What is expected: Would you please copy the part of the material below that opens with the line containing "#19=CARTESIAN_POINT('',(4.4000000059605,-1.6950000065565,0.));" and closes with the line containing "#26=DIRECTION('',(-1.,0.,0.));"? Copy it exactly, and only it.

Data section:
★ ★ ★ ★ ★

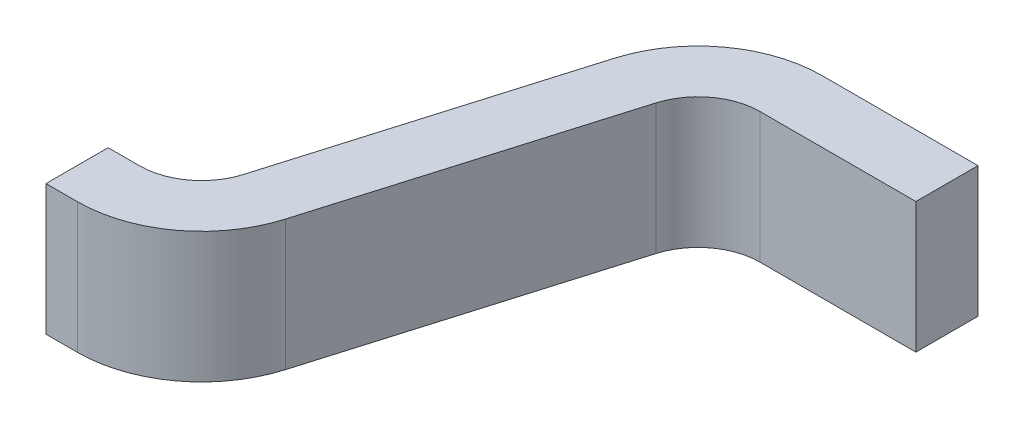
ISO-10303-21;
HEADER;
FILE_DESCRIPTION(('STEP AP214'),'2;1');
FILE_NAME('part.step','',(''),(''),'','','');
FILE_SCHEMA(('AUTOMOTIVE_DESIGN { 1 0 10303 214 1 1 1 1 }'));
ENDSEC;
DATA;
#1=APPLICATION_CONTEXT('core data for automotive mechanical design processes');
#2=APPLICATION_PROTOCOL_DEFINITION('international standard','automotive_design',2000,#1);
#3=PRODUCT_CONTEXT('',#1,'mechanical');
#4=PRODUCT('Part','Part','',(#3));
#5=PRODUCT_RELATED_PRODUCT_CATEGORY('part','',(#4));
#6=PRODUCT_DEFINITION_FORMATION('','',#4);
#7=PRODUCT_DEFINITION_CONTEXT('part definition',#1,'design');
#8=PRODUCT_DEFINITION('design','',#6,#7);
#9=PRODUCT_DEFINITION_SHAPE('','',#8);
#10=(LENGTH_UNIT() NAMED_UNIT(*) SI_UNIT(.MILLI.,.METRE.));
#11=(NAMED_UNIT(*) PLANE_ANGLE_UNIT() SI_UNIT($,.RADIAN.));
#12=(NAMED_UNIT(*) SI_UNIT($,.STERADIAN.) SOLID_ANGLE_UNIT());
#13=UNCERTAINTY_MEASURE_WITH_UNIT(LENGTH_MEASURE(1.E-05),#10,'distance_accuracy_value','');
#14=(GEOMETRIC_REPRESENTATION_CONTEXT(3) GLOBAL_UNCERTAINTY_ASSIGNED_CONTEXT((#13)) GLOBAL_UNIT_ASSIGNED_CONTEXT((#10,
#11,#12)) REPRESENTATION_CONTEXT('',''));
#15=CARTESIAN_POINT('',(0.,0.,0.));
#16=DIRECTION('',(0.,0.,1.));
#17=DIRECTION('',(1.,0.,0.));
#18=AXIS2_PLACEMENT_3D('',#15,#16,#17);
#19=CARTESIAN_POINT('',(4.4000000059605,-1.6950000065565,0.));
#20=DIRECTION('',(0.,-1.,0.));
#21=DIRECTION('',(1.,0.,0.));
#22=AXIS2_PLACEMENT_3D('',#19,#20,#21);
#23=PLANE('',#22);
#24=CARTESIAN_POINT('',(4.69869430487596,-1.6950000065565,0.40000000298));
#25=DIRECTION('',(0.,1.,0.));
#26=DIRECTION('',(-1.,0.,0.));
#27=AXIS2_PLACEMENT_3D('',#24,#25,#26);
#28=CIRCLE('',#27,0.2);
#29=CARTESIAN_POINT('',(4.50693033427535,-1.6950000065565,0.343197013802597));
#30=VERTEX_POINT('',#29);
#31=CARTESIAN_POINT('',(4.69869430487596,-1.6950000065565,0.20000000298));
#32=VERTEX_POINT('',#31);
#33=EDGE_CURVE('E189',#30,#32,#28,.F.);
#34=ORIENTED_EDGE('',*,*,#33,.T.);
#35=DIRECTION('',(1.,0.,0.));
#36=VECTOR('',#35,1.);
#37=CARTESIAN_POINT('',(5.2000000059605,-1.6950000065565,0.20000000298));
#38=LINE('',#37,#36);
#39=CARTESIAN_POINT('',(5.2000000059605,-1.6950000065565,0.20000000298));
#40=VERTEX_POINT('',#39);
#41=EDGE_CURVE('E148',#40,#32,#38,.F.);
#42=ORIENTED_EDGE('',*,*,#41,.F.);
#43=DIRECTION('',(0.,0.,1.));
#44=VECTOR('',#43,1.);
#45=CARTESIAN_POINT('',(5.2000000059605,-1.6950000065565,0.));
#46=LINE('',#45,#44);
#47=CARTESIAN_POINT('',(5.2000000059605,-1.6950000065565,0.));
#48=VERTEX_POINT('',#47);
#49=EDGE_CURVE('E154',#40,#48,#46,.F.);
#50=ORIENTED_EDGE('',*,*,#49,.T.);
#51=DIRECTION('',(1.,0.,0.));
#52=VECTOR('',#51,1.);
#53=CARTESIAN_POINT('',(5.2000000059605,-1.6950000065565,0.));
#54=LINE('',#53,#52);
#55=CARTESIAN_POINT('',(4.69869430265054,-1.6950000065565,0.));
#56=VERTEX_POINT('',#55);
#57=EDGE_CURVE('E158',#48,#56,#54,.F.);
#58=ORIENTED_EDGE('',*,*,#57,.T.);
#59=CARTESIAN_POINT('',(4.69869430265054,-1.6950000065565,0.4));
#60=DIRECTION('',(0.,-1.,0.));
#61=DIRECTION('',(1.,0.,0.));
#62=AXIS2_PLACEMENT_3D('',#59,#60,#61);
#63=CIRCLE('',#62,0.4);
#64=CARTESIAN_POINT('',(4.31516636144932,-1.6950000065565,0.286394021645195));
#65=VERTEX_POINT('',#64);
#66=EDGE_CURVE('E168',#65,#56,#63,.T.);
#67=ORIENTED_EDGE('',*,*,#66,.F.);
#68=DIRECTION('',(0.284014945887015,0.,-0.958819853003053));
#69=VECTOR('',#68,1.);
#70=CARTESIAN_POINT('',(4.4000000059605,-1.6950000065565,0.));
#71=LINE('',#70,#69);
#72=CARTESIAN_POINT('',(4.04252922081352,-1.6950000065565,1.2068029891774));
#73=VERTEX_POINT('',#72);
#74=EDGE_CURVE('E166',#65,#73,#71,.F.);
#75=ORIENTED_EDGE('',*,*,#74,.T.);
#76=CARTESIAN_POINT('',(3.85076525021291,-1.6950000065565,1.15));
#77=DIRECTION('',(0.,-1.,0.));
#78=DIRECTION('',(1.,0.,0.));
#79=AXIS2_PLACEMENT_3D('',#76,#77,#78);
#80=CIRCLE('',#79,0.2);
#81=CARTESIAN_POINT('',(3.85076525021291,-1.6950000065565,1.35));
#82=VERTEX_POINT('',#81);
#83=EDGE_CURVE('E20',#73,#82,#80,.T.);
#84=ORIENTED_EDGE('',*,*,#83,.T.);
#85=DIRECTION('',(1.,0.,0.));
#86=VECTOR('',#85,1.);
#87=CARTESIAN_POINT('',(4.1500000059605,-1.6950000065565,1.35));
#88=LINE('',#87,#86);
#89=CARTESIAN_POINT('',(3.7500000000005,-1.6950000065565,1.35));
#90=VERTEX_POINT('',#89);
#91=EDGE_CURVE('E96',#82,#90,#88,.F.);
#92=ORIENTED_EDGE('',*,*,#91,.T.);
#93=DIRECTION('',(0.,0.,1.));
#94=VECTOR('',#93,1.);
#95=CARTESIAN_POINT('',(3.7500000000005,-1.6950000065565,1.35));
#96=LINE('',#95,#94);
#97=CARTESIAN_POINT('',(3.7500000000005,-1.6950000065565,1.55000000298));
#98=VERTEX_POINT('',#97);
#99=EDGE_CURVE('E115',#98,#90,#96,.F.);
#100=ORIENTED_EDGE('',*,*,#99,.F.);
#101=DIRECTION('',(1.,0.,0.));
#102=VECTOR('',#101,1.);
#103=CARTESIAN_POINT('',(4.1500000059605,-1.6950000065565,1.55000000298));
#104=LINE('',#103,#102);
#105=CARTESIAN_POINT('',(3.85076525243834,-1.6950000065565,1.55000000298));
#106=VERTEX_POINT('',#105);
#107=EDGE_CURVE('E138',#106,#98,#104,.F.);
#108=ORIENTED_EDGE('',*,*,#107,.F.);
#109=CARTESIAN_POINT('',(3.85076525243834,-1.6950000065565,1.15000000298));
#110=DIRECTION('',(0.,-1.,0.));
#111=DIRECTION('',(1.,0.,0.));
#112=AXIS2_PLACEMENT_3D('',#109,#110,#111);
#113=CIRCLE('',#112,0.4);
#114=CARTESIAN_POINT('',(4.23429319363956,-1.6950000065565,1.2636059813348));
#115=VERTEX_POINT('',#114);
#116=EDGE_CURVE('E143',#115,#106,#113,.T.);
#117=ORIENTED_EDGE('',*,*,#116,.F.);
#118=DIRECTION('',(0.284014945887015,0.,-0.958819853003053));
#119=VECTOR('',#118,1.);
#120=CARTESIAN_POINT('',(4.5917639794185,-1.6950000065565,0.0568029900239));
#121=LINE('',#120,#119);
#122=EDGE_CURVE('E141',#30,#115,#121,.F.);
#123=ORIENTED_EDGE('',*,*,#122,.F.);
#124=EDGE_LOOP('',(#34,#42,#50,#58,#67,#75,#84,#92,#100,#108,#117,#123));
#125=FACE_BOUND('',#124,.T.);
#126=ADVANCED_FACE('F17',(#125),#23,.F.);
#127=CARTESIAN_POINT('',(4.1500000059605,-1.6950000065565,1.55000000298));
#128=DIRECTION('',(0.,0.,1.));
#129=DIRECTION('',(1.,0.,0.));
#130=AXIS2_PLACEMENT_3D('',#127,#128,#129);
#131=PLANE('',#130);
#132=DIRECTION('',(1.,0.,0.));
#133=VECTOR('',#132,1.);
#134=CARTESIAN_POINT('',(4.4000000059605,-2.1149999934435,1.55000000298));
#135=LINE('',#134,#133);
#136=CARTESIAN_POINT('',(3.85076525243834,-2.1149999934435,1.55000000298));
#137=VERTEX_POINT('',#136);
#138=CARTESIAN_POINT('',(3.7500000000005,-2.1149999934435,1.55000000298));
#139=VERTEX_POINT('',#138);
#140=EDGE_CURVE('E129',#137,#139,#135,.F.);
#141=ORIENTED_EDGE('',*,*,#140,.F.);
#142=DIRECTION('',(0.,-1.,0.));
#143=VECTOR('',#142,1.);
#144=CARTESIAN_POINT('',(3.85076525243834,-1.6950000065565,1.55000000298));
#145=LINE('',#144,#143);
#146=EDGE_CURVE('E188',#106,#137,#145,.T.);
#147=ORIENTED_EDGE('',*,*,#146,.F.);
#148=ORIENTED_EDGE('',*,*,#107,.T.);
#149=DIRECTION('',(0.,-1.,0.));
#150=VECTOR('',#149,1.);
#151=CARTESIAN_POINT('',(3.7500000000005,-1.6950000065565,1.55000000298));
#152=LINE('',#151,#150);
#153=EDGE_CURVE('E104',#139,#98,#152,.F.);
#154=ORIENTED_EDGE('',*,*,#153,.F.);
#155=EDGE_LOOP('',(#141,#147,#148,#154));
#156=FACE_BOUND('',#155,.T.);
#157=ADVANCED_FACE('F262',(#156),#131,.T.);
#158=CARTESIAN_POINT('',(3.7500000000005,-1.6950000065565,1.35));
#159=DIRECTION('',(-1.,0.,0.));
#160=DIRECTION('',(0.,-1.,0.));
#161=AXIS2_PLACEMENT_3D('',#158,#159,#160);
#162=PLANE('',#161);
#163=DIRECTION('',(0.,1.,0.));
#164=VECTOR('',#163,1.);
#165=CARTESIAN_POINT('',(3.7500000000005,-1.6950000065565,1.35));
#166=LINE('',#165,#164);
#167=CARTESIAN_POINT('',(3.7500000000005,-2.1149999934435,1.35));
#168=VERTEX_POINT('',#167);
#169=EDGE_CURVE('E109',#90,#168,#166,.F.);
#170=ORIENTED_EDGE('',*,*,#169,.T.);
#171=DIRECTION('',(0.,0.,1.));
#172=VECTOR('',#171,1.);
#173=CARTESIAN_POINT('',(3.7500000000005,-2.1149999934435,0.));
#174=LINE('',#173,#172);
#175=EDGE_CURVE('E113',#139,#168,#174,.F.);
#176=ORIENTED_EDGE('',*,*,#175,.F.);
#177=ORIENTED_EDGE('',*,*,#153,.T.);
#178=ORIENTED_EDGE('',*,*,#99,.T.);
#179=EDGE_LOOP('',(#170,#176,#177,#178));
#180=FACE_BOUND('',#179,.T.);
#181=ADVANCED_FACE('F111',(#180),#162,.T.);
#182=CARTESIAN_POINT('',(4.1500000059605,-1.6950000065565,1.35));
#183=DIRECTION('',(0.,0.,1.));
#184=DIRECTION('',(1.,0.,0.));
#185=AXIS2_PLACEMENT_3D('',#182,#183,#184);
#186=PLANE('',#185);
#187=ORIENTED_EDGE('',*,*,#169,.F.);
#188=ORIENTED_EDGE('',*,*,#91,.F.);
#189=DIRECTION('',(0.,-1.,0.));
#190=VECTOR('',#189,1.);
#191=CARTESIAN_POINT('',(3.85076525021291,-1.6950000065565,1.35));
#192=LINE('',#191,#190);
#193=CARTESIAN_POINT('',(3.85076525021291,-2.1149999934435,1.35));
#194=VERTEX_POINT('',#193);
#195=EDGE_CURVE('E121',#82,#194,#192,.T.);
#196=ORIENTED_EDGE('',*,*,#195,.T.);
#197=DIRECTION('',(1.,0.,0.));
#198=VECTOR('',#197,1.);
#199=CARTESIAN_POINT('',(4.4000000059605,-2.1149999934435,1.35));
#200=LINE('',#199,#198);
#201=EDGE_CURVE('E119',#168,#194,#200,.T.);
#202=ORIENTED_EDGE('',*,*,#201,.F.);
#203=EDGE_LOOP('',(#187,#188,#196,#202));
#204=FACE_BOUND('',#203,.T.);
#205=ADVANCED_FACE('F120',(#204),#186,.F.);
#206=CARTESIAN_POINT('',(3.85076525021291,-1.6950000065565,1.15));
#207=DIRECTION('',(0.,-1.,0.));
#208=DIRECTION('',(1.,0.,0.));
#209=AXIS2_PLACEMENT_3D('',#206,#207,#208);
#210=CYLINDRICAL_SURFACE('',#209,0.2);
#211=ORIENTED_EDGE('',*,*,#195,.F.);
#212=ORIENTED_EDGE('',*,*,#83,.F.);
#213=DIRECTION('',(0.,1.,0.));
#214=VECTOR('',#213,1.);
#215=CARTESIAN_POINT('',(4.04252922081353,-1.6950000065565,1.2068029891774));
#216=LINE('',#215,#214);
#217=CARTESIAN_POINT('',(4.04252922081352,-2.1149999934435,1.2068029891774));
#218=VERTEX_POINT('',#217);
#219=EDGE_CURVE('E169',#73,#218,#216,.F.);
#220=ORIENTED_EDGE('',*,*,#219,.T.);
#221=CARTESIAN_POINT('',(3.85076525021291,-2.1149999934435,1.15));
#222=DIRECTION('',(0.,-1.,0.));
#223=DIRECTION('',(1.,0.,0.));
#224=AXIS2_PLACEMENT_3D('',#221,#222,#223);
#225=CIRCLE('',#224,0.2);
#226=EDGE_CURVE('E125',#194,#218,#225,.F.);
#227=ORIENTED_EDGE('',*,*,#226,.F.);
#228=EDGE_LOOP('',(#211,#212,#220,#227));
#229=FACE_BOUND('',#228,.T.);
#230=ADVANCED_FACE('F202',(#229),#210,.F.);
#231=CARTESIAN_POINT('',(4.4000000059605,-1.6950000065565,0.));
#232=DIRECTION('',(0.958819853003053,0.,0.284014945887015));
#233=DIRECTION('',(0.284014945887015,0.,-0.958819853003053));
#234=AXIS2_PLACEMENT_3D('',#231,#232,#233);
#235=PLANE('',#234);
#236=DIRECTION('',(0.,-1.,0.));
#237=VECTOR('',#236,1.);
#238=CARTESIAN_POINT('',(4.31516636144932,-1.6950000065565,0.286394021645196));
#239=LINE('',#238,#237);
#240=CARTESIAN_POINT('',(4.31516636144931,-2.1149999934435,0.286394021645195));
#241=VERTEX_POINT('',#240);
#242=EDGE_CURVE('E191',#241,#65,#239,.F.);
#243=ORIENTED_EDGE('',*,*,#242,.F.);
#244=DIRECTION('',(0.284014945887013,0.,-0.958819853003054));
#245=VECTOR('',#244,1.);
#246=CARTESIAN_POINT('',(4.04252922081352,-2.1149999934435,1.2068029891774));
#247=LINE('',#246,#245);
#248=EDGE_CURVE('E184',#218,#241,#247,.T.);
#249=ORIENTED_EDGE('',*,*,#248,.F.);
#250=ORIENTED_EDGE('',*,*,#219,.F.);
#251=ORIENTED_EDGE('',*,*,#74,.F.);
#252=EDGE_LOOP('',(#243,#249,#250,#251));
#253=FACE_BOUND('',#252,.T.);
#254=ADVANCED_FACE('F206',(#253),#235,.F.);
#255=CARTESIAN_POINT('',(4.69869430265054,-1.6950000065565,0.4));
#256=DIRECTION('',(0.,-1.,0.));
#257=DIRECTION('',(1.,0.,0.));
#258=AXIS2_PLACEMENT_3D('',#255,#256,#257);
#259=CYLINDRICAL_SURFACE('',#258,0.4);
#260=CARTESIAN_POINT('',(4.69869430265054,-2.1149999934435,0.4));
#261=DIRECTION('',(0.,-1.,0.));
#262=DIRECTION('',(1.,0.,0.));
#263=AXIS2_PLACEMENT_3D('',#260,#261,#262);
#264=CIRCLE('',#263,0.4);
#265=CARTESIAN_POINT('',(4.69869430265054,-2.1149999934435,0.));
#266=VERTEX_POINT('',#265);
#267=EDGE_CURVE('E180',#241,#266,#264,.T.);
#268=ORIENTED_EDGE('',*,*,#267,.F.);
#269=ORIENTED_EDGE('',*,*,#242,.T.);
#270=ORIENTED_EDGE('',*,*,#66,.T.);
#271=DIRECTION('',(0.,1.,0.));
#272=VECTOR('',#271,1.);
#273=CARTESIAN_POINT('',(4.69869430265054,-1.6950000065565,0.));
#274=LINE('',#273,#272);
#275=EDGE_CURVE('E163',#56,#266,#274,.F.);
#276=ORIENTED_EDGE('',*,*,#275,.T.);
#277=EDGE_LOOP('',(#268,#269,#270,#276));
#278=FACE_BOUND('',#277,.T.);
#279=ADVANCED_FACE('F289',(#278),#259,.T.);
#280=CARTESIAN_POINT('',(5.2000000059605,-1.6950000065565,0.));
#281=DIRECTION('',(0.,0.,1.));
#282=DIRECTION('',(1.,0.,0.));
#283=AXIS2_PLACEMENT_3D('',#280,#281,#282);
#284=PLANE('',#283);
#285=DIRECTION('',(0.,-1.,0.));
#286=VECTOR('',#285,1.);
#287=CARTESIAN_POINT('',(5.2000000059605,-1.6950000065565,0.));
#288=LINE('',#287,#286);
#289=CARTESIAN_POINT('',(5.2000000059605,-2.1149999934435,0.));
#290=VERTEX_POINT('',#289);
#291=EDGE_CURVE('E157',#48,#290,#288,.T.);
#292=ORIENTED_EDGE('',*,*,#291,.T.);
#293=DIRECTION('',(1.,0.,0.));
#294=VECTOR('',#293,1.);
#295=CARTESIAN_POINT('',(4.4000000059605,-2.1149999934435,0.));
#296=LINE('',#295,#294);
#297=EDGE_CURVE('E183',#266,#290,#296,.T.);
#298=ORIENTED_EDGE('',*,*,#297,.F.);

★ ★ ★ ★ ★

Problem solution:
#19=CARTESIAN_POINT('',(4.4000000059605,-1.6950000065565,0.));
#20=DIRECTION('',(0.,-1.,0.));
#21=DIRECTION('',(1.,0.,0.));
#22=AXIS2_PLACEMENT_3D('',#19,#20,#21);
#23=PLANE('',#22);
#24=CARTESIAN_POINT('',(4.69869430487596,-1.6950000065565,0.40000000298));
#25=DIRECTION('',(0.,1.,0.));
#26=DIRECTION('',(-1.,0.,0.));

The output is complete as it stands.